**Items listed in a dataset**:

================================

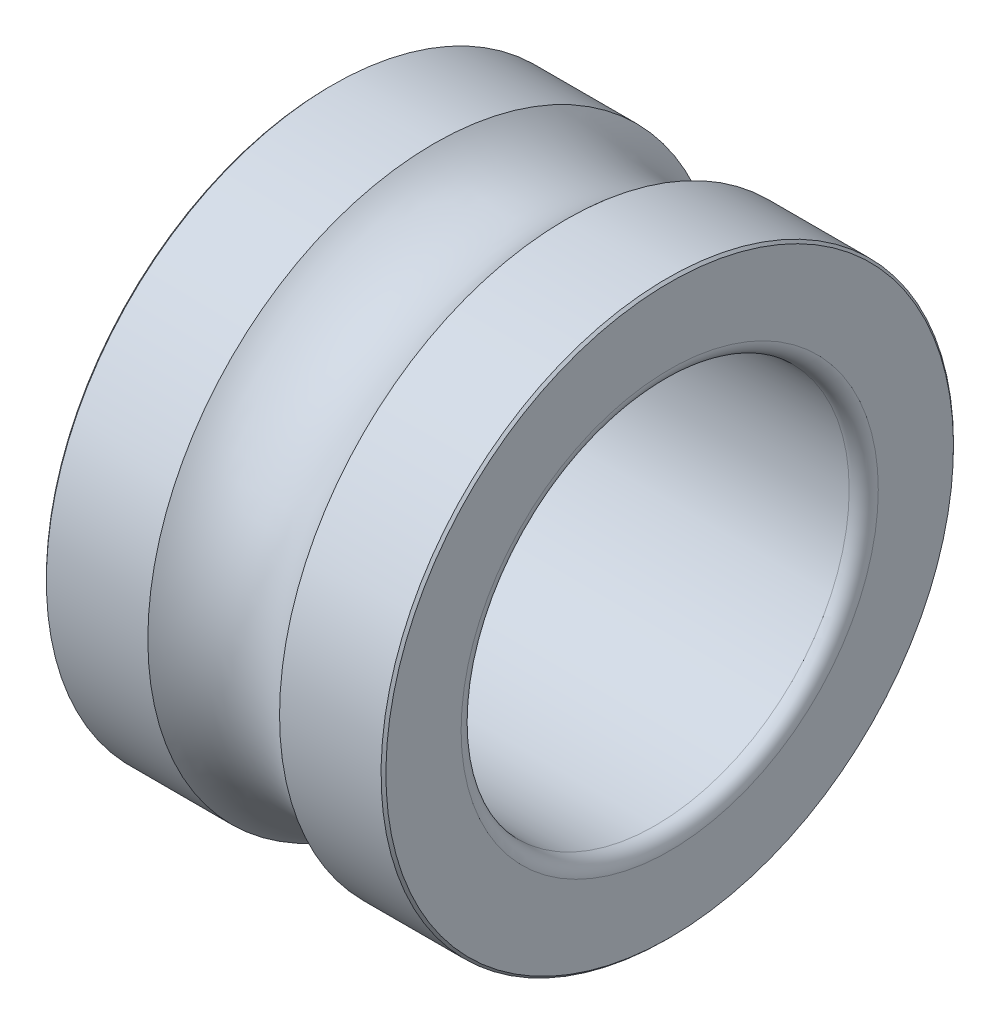
ISO-10303-21;
HEADER;
FILE_DESCRIPTION(('STEP AP214'),'2;1');
FILE_NAME('part.step','',(''),(''),'','','');
FILE_SCHEMA(('AUTOMOTIVE_DESIGN { 1 0 10303 214 1 1 1 1 }'));
ENDSEC;
DATA;
#1=APPLICATION_CONTEXT('core data for automotive mechanical design processes');
#2=APPLICATION_PROTOCOL_DEFINITION('international standard','automotive_design',2000,#1);
#3=PRODUCT_CONTEXT('',#1,'mechanical');
#4=PRODUCT('Part','Part','',(#3));
#5=PRODUCT_RELATED_PRODUCT_CATEGORY('part','',(#4));
#6=PRODUCT_DEFINITION_FORMATION('','',#4);
#7=PRODUCT_DEFINITION_CONTEXT('part definition',#1,'design');
#8=PRODUCT_DEFINITION('design','',#6,#7);
#9=PRODUCT_DEFINITION_SHAPE('','',#8);
#10=(LENGTH_UNIT() NAMED_UNIT(*) SI_UNIT(.MILLI.,.METRE.));
#11=(NAMED_UNIT(*) PLANE_ANGLE_UNIT() SI_UNIT($,.RADIAN.));
#12=(NAMED_UNIT(*) SI_UNIT($,.STERADIAN.) SOLID_ANGLE_UNIT());
#13=UNCERTAINTY_MEASURE_WITH_UNIT(LENGTH_MEASURE(1.E-05),#10,'distance_accuracy_value','');
#14=(GEOMETRIC_REPRESENTATION_CONTEXT(3) GLOBAL_UNCERTAINTY_ASSIGNED_CONTEXT((#13)) GLOBAL_UNIT_ASSIGNED_CONTEXT((#10,
#11,#12)) REPRESENTATION_CONTEXT('',''));
#15=CARTESIAN_POINT('',(0.,0.,0.));
#16=DIRECTION('',(0.,0.,1.));
#17=DIRECTION('',(1.,0.,0.));
#18=AXIS2_PLACEMENT_3D('',#15,#16,#17);
#19=CARTESIAN_POINT('',(-3.5,0.,0.));
#20=DIRECTION('',(1.,0.,0.));
#21=DIRECTION('',(0.,0.,-1.));
#22=AXIS2_PLACEMENT_3D('',#19,#20,#21);
#23=CYLINDRICAL_SURFACE('',#22,4.);
#24=CARTESIAN_POINT('',(-3.2,0.,0.));
#25=DIRECTION('',(-1.,0.,0.));
#26=DIRECTION('',(0.,0.,1.));
#27=AXIS2_PLACEMENT_3D('',#24,#25,#26);
#28=CIRCLE('',#27,4.);
#29=CARTESIAN_POINT('',(-3.2,0.,4.));
#30=VERTEX_POINT('',#29);
#31=EDGE_CURVE('E86',#30,#30,#28,.F.);
#32=ORIENTED_EDGE('',*,*,#31,.F.);
#33=EDGE_LOOP('',(#32));
#34=FACE_BOUND('',#33,.T.);
#35=CARTESIAN_POINT('',(3.2,0.,0.));
#36=DIRECTION('',(-1.,0.,0.));
#37=DIRECTION('',(0.,0.,1.));
#38=AXIS2_PLACEMENT_3D('',#35,#36,#37);
#39=CIRCLE('',#38,4.);
#40=CARTESIAN_POINT('',(3.2,0.,4.));
#41=VERTEX_POINT('',#40);
#42=EDGE_CURVE('E81',#41,#41,#39,.T.);
#43=ORIENTED_EDGE('',*,*,#42,.F.);
#44=EDGE_LOOP('',(#43));
#45=FACE_BOUND('',#44,.T.);
#46=ADVANCED_FACE('F14',(#34,#45),#23,.F.);
#47=CARTESIAN_POINT('',(-3.2,0.,0.));
#48=DIRECTION('',(-1.,0.,0.));
#49=DIRECTION('',(0.,0.,1.));
#50=AXIS2_PLACEMENT_3D('',#47,#48,#49);
#51=TOROIDAL_SURFACE('',#50,4.3,0.3);
#52=ORIENTED_EDGE('',*,*,#31,.T.);
#53=EDGE_LOOP('',(#52));
#54=FACE_BOUND('',#53,.T.);
#55=CARTESIAN_POINT('',(-3.5,0.,0.));
#56=DIRECTION('',(-1.,0.,0.));
#57=DIRECTION('',(0.,0.,-1.));
#58=AXIS2_PLACEMENT_3D('',#55,#56,#57);
#59=CIRCLE('',#58,4.3);
#60=CARTESIAN_POINT('',(-3.5,0.,-4.3));
#61=VERTEX_POINT('',#60);
#62=EDGE_CURVE('E85',#61,#61,#59,.T.);
#63=ORIENTED_EDGE('',*,*,#62,.T.);
#64=EDGE_LOOP('',(#63));
#65=FACE_BOUND('',#64,.T.);
#66=ADVANCED_FACE('F100',(#54,#65),#51,.T.);
#67=CARTESIAN_POINT('',(3.2,0.,0.));
#68=DIRECTION('',(-1.,0.,0.));
#69=DIRECTION('',(0.,0.,1.));
#70=AXIS2_PLACEMENT_3D('',#67,#68,#69);
#71=TOROIDAL_SURFACE('',#70,4.3,0.3);
#72=CARTESIAN_POINT('',(3.5,0.,0.));
#73=DIRECTION('',(1.,0.,0.));
#74=DIRECTION('',(0.,0.,1.));
#75=AXIS2_PLACEMENT_3D('',#72,#73,#74);
#76=CIRCLE('',#75,4.3);
#77=CARTESIAN_POINT('',(3.5,0.,4.3));
#78=VERTEX_POINT('',#77);
#79=EDGE_CURVE('E39',#78,#78,#76,.T.);
#80=ORIENTED_EDGE('',*,*,#79,.T.);
#81=EDGE_LOOP('',(#80));
#82=FACE_BOUND('',#81,.T.);
#83=ORIENTED_EDGE('',*,*,#42,.T.);
#84=EDGE_LOOP('',(#83));
#85=FACE_BOUND('',#84,.T.);
#86=ADVANCED_FACE('F61',(#82,#85),#71,.T.);
#87=CARTESIAN_POINT('',(-3.5,4.3,0.));
#88=DIRECTION('',(1.,0.,0.));
#89=DIRECTION('',(0.,0.,-1.));
#90=AXIS2_PLACEMENT_3D('',#87,#88,#89);
#91=PLANE('',#90);
#92=ORIENTED_EDGE('',*,*,#62,.F.);
#93=EDGE_LOOP('',(#92));
#94=FACE_BOUND('',#93,.T.);
#95=CARTESIAN_POINT('',(-3.50000000003092,0.,0.));
#96=DIRECTION('',(1.,0.,0.));
#97=DIRECTION('',(0.,0.,-1.));
#98=AXIS2_PLACEMENT_3D('',#95,#96,#97);
#99=CIRCLE('',#98,5.85000000000946);
#100=CARTESIAN_POINT('',(-3.50000000003092,0.,-5.85000000000946));
#101=VERTEX_POINT('',#100);
#102=EDGE_CURVE('E17',#101,#101,#99,.T.);
#103=ORIENTED_EDGE('',*,*,#102,.F.);
#104=EDGE_LOOP('',(#103));
#105=FACE_BOUND('',#104,.T.);
#106=ADVANCED_FACE('F56',(#94,#105),#91,.F.);
#107=CARTESIAN_POINT('',(3.5,5.85,0.));
#108=DIRECTION('',(-1.,0.,0.));
#109=DIRECTION('',(0.,0.,1.));
#110=AXIS2_PLACEMENT_3D('',#107,#108,#109);
#111=PLANE('',#110);
#112=ORIENTED_EDGE('',*,*,#79,.F.);
#113=EDGE_LOOP('',(#112));
#114=FACE_BOUND('',#113,.T.);
#115=CARTESIAN_POINT('',(3.50000000003092,0.,0.));
#116=DIRECTION('',(-1.,0.,0.));
#117=DIRECTION('',(0.,-1.,0.));
#118=AXIS2_PLACEMENT_3D('',#115,#116,#117);
#119=CIRCLE('',#118,5.85000000000946);
#120=CARTESIAN_POINT('',(3.50000000003092,-5.85000000000946,0.));
#121=VERTEX_POINT('',#120);
#122=EDGE_CURVE('E78',#121,#121,#119,.T.);
#123=ORIENTED_EDGE('',*,*,#122,.F.);
#124=EDGE_LOOP('',(#123));
#125=FACE_BOUND('',#124,.T.);
#126=ADVANCED_FACE('F45',(#114,#125),#111,.F.);
#127=CARTESIAN_POINT('',(-3.44999999998663,0.,0.));
#128=DIRECTION('',(1.,0.,0.));
#129=DIRECTION('',(0.,0.,-1.));
#130=AXIS2_PLACEMENT_3D('',#127,#128,#129);
#131=CONICAL_SURFACE('',#130,5.90000000005375,0.785398163397448);
#132=CARTESIAN_POINT('',(-3.45,0.,0.));
#133=DIRECTION('',(1.,0.,0.));
#134=DIRECTION('',(0.,0.,-1.));
#135=AXIS2_PLACEMENT_3D('',#132,#133,#134);
#136=CIRCLE('',#135,5.9);
#137=CARTESIAN_POINT('',(-3.45,0.,-5.9));
#138=VERTEX_POINT('',#137);
#139=EDGE_CURVE('E70',#138,#138,#136,.T.);
#140=ORIENTED_EDGE('',*,*,#139,.F.);
#141=EDGE_LOOP('',(#140));
#142=FACE_BOUND('',#141,.T.);
#143=ORIENTED_EDGE('',*,*,#102,.T.);
#144=EDGE_LOOP('',(#143));
#145=FACE_BOUND('',#144,.T.);
#146=ADVANCED_FACE('F55',(#142,#145),#131,.T.);
#147=CARTESIAN_POINT('',(3.45000000010032,0.,0.));
#148=DIRECTION('',(-1.,0.,0.));
#149=DIRECTION('',(0.,-1.,0.));
#150=AXIS2_PLACEMENT_3D('',#147,#148,#149);
#151=CONICAL_SURFACE('',#150,5.89999999988322,0.785398162829014);
#152=ORIENTED_EDGE('',*,*,#122,.T.);
#153=EDGE_LOOP('',(#152));
#154=FACE_BOUND('',#153,.T.);
#155=CARTESIAN_POINT('',(3.45,0.,0.));
#156=DIRECTION('',(1.,0.,0.));
#157=DIRECTION('',(0.,0.,-1.));
#158=AXIS2_PLACEMENT_3D('',#155,#156,#157);
#159=CIRCLE('',#158,5.9);
#160=CARTESIAN_POINT('',(3.45,0.,-5.9));
#161=VERTEX_POINT('',#160);
#162=EDGE_CURVE('E30',#161,#161,#159,.F.);
#163=ORIENTED_EDGE('',*,*,#162,.F.);
#164=EDGE_LOOP('',(#163));
#165=FACE_BOUND('',#164,.T.);
#166=ADVANCED_FACE('F129',(#154,#165),#151,.T.);
#167=CARTESIAN_POINT('',(-3.5,0.,0.));
#168=DIRECTION('',(1.,0.,0.));
#169=DIRECTION('',(0.,0.,-1.));
#170=AXIS2_PLACEMENT_3D('',#167,#168,#169);
#171=CYLINDRICAL_SURFACE('',#170,5.9);
#172=ORIENTED_EDGE('',*,*,#139,.T.);
#173=EDGE_LOOP('',(#172));
#174=FACE_BOUND('',#173,.T.);
#175=CARTESIAN_POINT('',(-1.3575654680346,0.,0.));
#176=DIRECTION('',(-1.,0.,0.));
#177=DIRECTION('',(0.,0.,1.));
#178=AXIS2_PLACEMENT_3D('',#175,#176,#177);
#179=CIRCLE('',#178,5.9);
#180=CARTESIAN_POINT('',(-1.3575654680346,0.,5.9));
#181=VERTEX_POINT('',#180);
#182=EDGE_CURVE('E22',#181,#181,#179,.T.);
#183=ORIENTED_EDGE('',*,*,#182,.T.);
#184=EDGE_LOOP('',(#183));
#185=FACE_BOUND('',#184,.T.);
#186=ADVANCED_FACE('F135',(#174,#185),#171,.T.);
#187=CARTESIAN_POINT('',(-3.5,0.,0.));
#188=DIRECTION('',(1.,0.,0.));
#189=DIRECTION('',(0.,0.,-1.));
#190=AXIS2_PLACEMENT_3D('',#187,#188,#189);
#191=CYLINDRICAL_SURFACE('',#190,5.9);
#192=ORIENTED_EDGE('',*,*,#162,.T.);
#193=EDGE_LOOP('',(#192));
#194=FACE_BOUND('',#193,.T.);
#195=CARTESIAN_POINT('',(1.3575654680346,0.,0.));
#196=DIRECTION('',(-1.,0.,0.));
#197=DIRECTION('',(0.,0.,1.));
#198=AXIS2_PLACEMENT_3D('',#195,#196,#197);
#199=CIRCLE('',#198,5.9);
#200=CARTESIAN_POINT('',(1.3575654680346,0.,5.9));
#201=VERTEX_POINT('',#200);
#202=EDGE_CURVE('E10',#201,#201,#199,.F.);
#203=ORIENTED_EDGE('',*,*,#202,.T.);
#204=EDGE_LOOP('',(#203));
#205=FACE_BOUND('',#204,.T.);
#206=ADVANCED_FACE('F139',(#194,#205),#191,.T.);
#207=CARTESIAN_POINT('',(0.,0.,0.));
#208=DIRECTION('',(-1.,0.,0.));
#209=DIRECTION('',(0.,0.,1.));
#210=AXIS2_PLACEMENT_3D('',#207,#208,#209);
#211=TOROIDAL_SURFACE('',#210,7.3475,1.9845);
#212=ORIENTED_EDGE('',*,*,#202,.F.);
#213=EDGE_LOOP('',(#212));
#214=FACE_BOUND('',#213,.T.);
#215=ORIENTED_EDGE('',*,*,#182,.F.);
#216=EDGE_LOOP('',(#215));
#217=FACE_BOUND('',#216,.T.);
#218=ADVANCED_FACE('F137',(#214,#217),#211,.F.);
#219=CLOSED_SHELL('',(#46,#66,#86,#106,#126,#146,#166,#186,#206,#218));
#220=MANIFOLD_SOLID_BREP('B1',#219);
#221=ADVANCED_BREP_SHAPE_REPRESENTATION('',(#18,#220),#14);
#222=SHAPE_DEFINITION_REPRESENTATION(#9,#221);
ENDSEC;
END-ISO-10303-21;

================================

**Problem description**:
Of the entries above, repeat exactly the lines from the line with "#147=CARTESIAN_POINT('',(3.45000000010032,0.,0.));" through the line with "#155=CARTESIAN_POINT('',(3.45,0.,0.));", both of them included.

**Exercise answer**:
#147=CARTESIAN_POINT('',(3.45000000010032,0.,0.));
#148=DIRECTION('',(-1.,0.,0.));
#149=DIRECTION('',(0.,-1.,0.));
#150=AXIS2_PLACEMENT_3D('',#147,#148,#149);
#151=CONICAL_SURFACE('',#150,5.89999999988322,0.785398162829014);
#152=ORIENTED_EDGE('',*,*,#122,.T.);
#153=EDGE_LOOP('',(#152));
#154=FACE_BOUND('',#153,.T.);
#155=CARTESIAN_POINT('',(3.45,0.,0.));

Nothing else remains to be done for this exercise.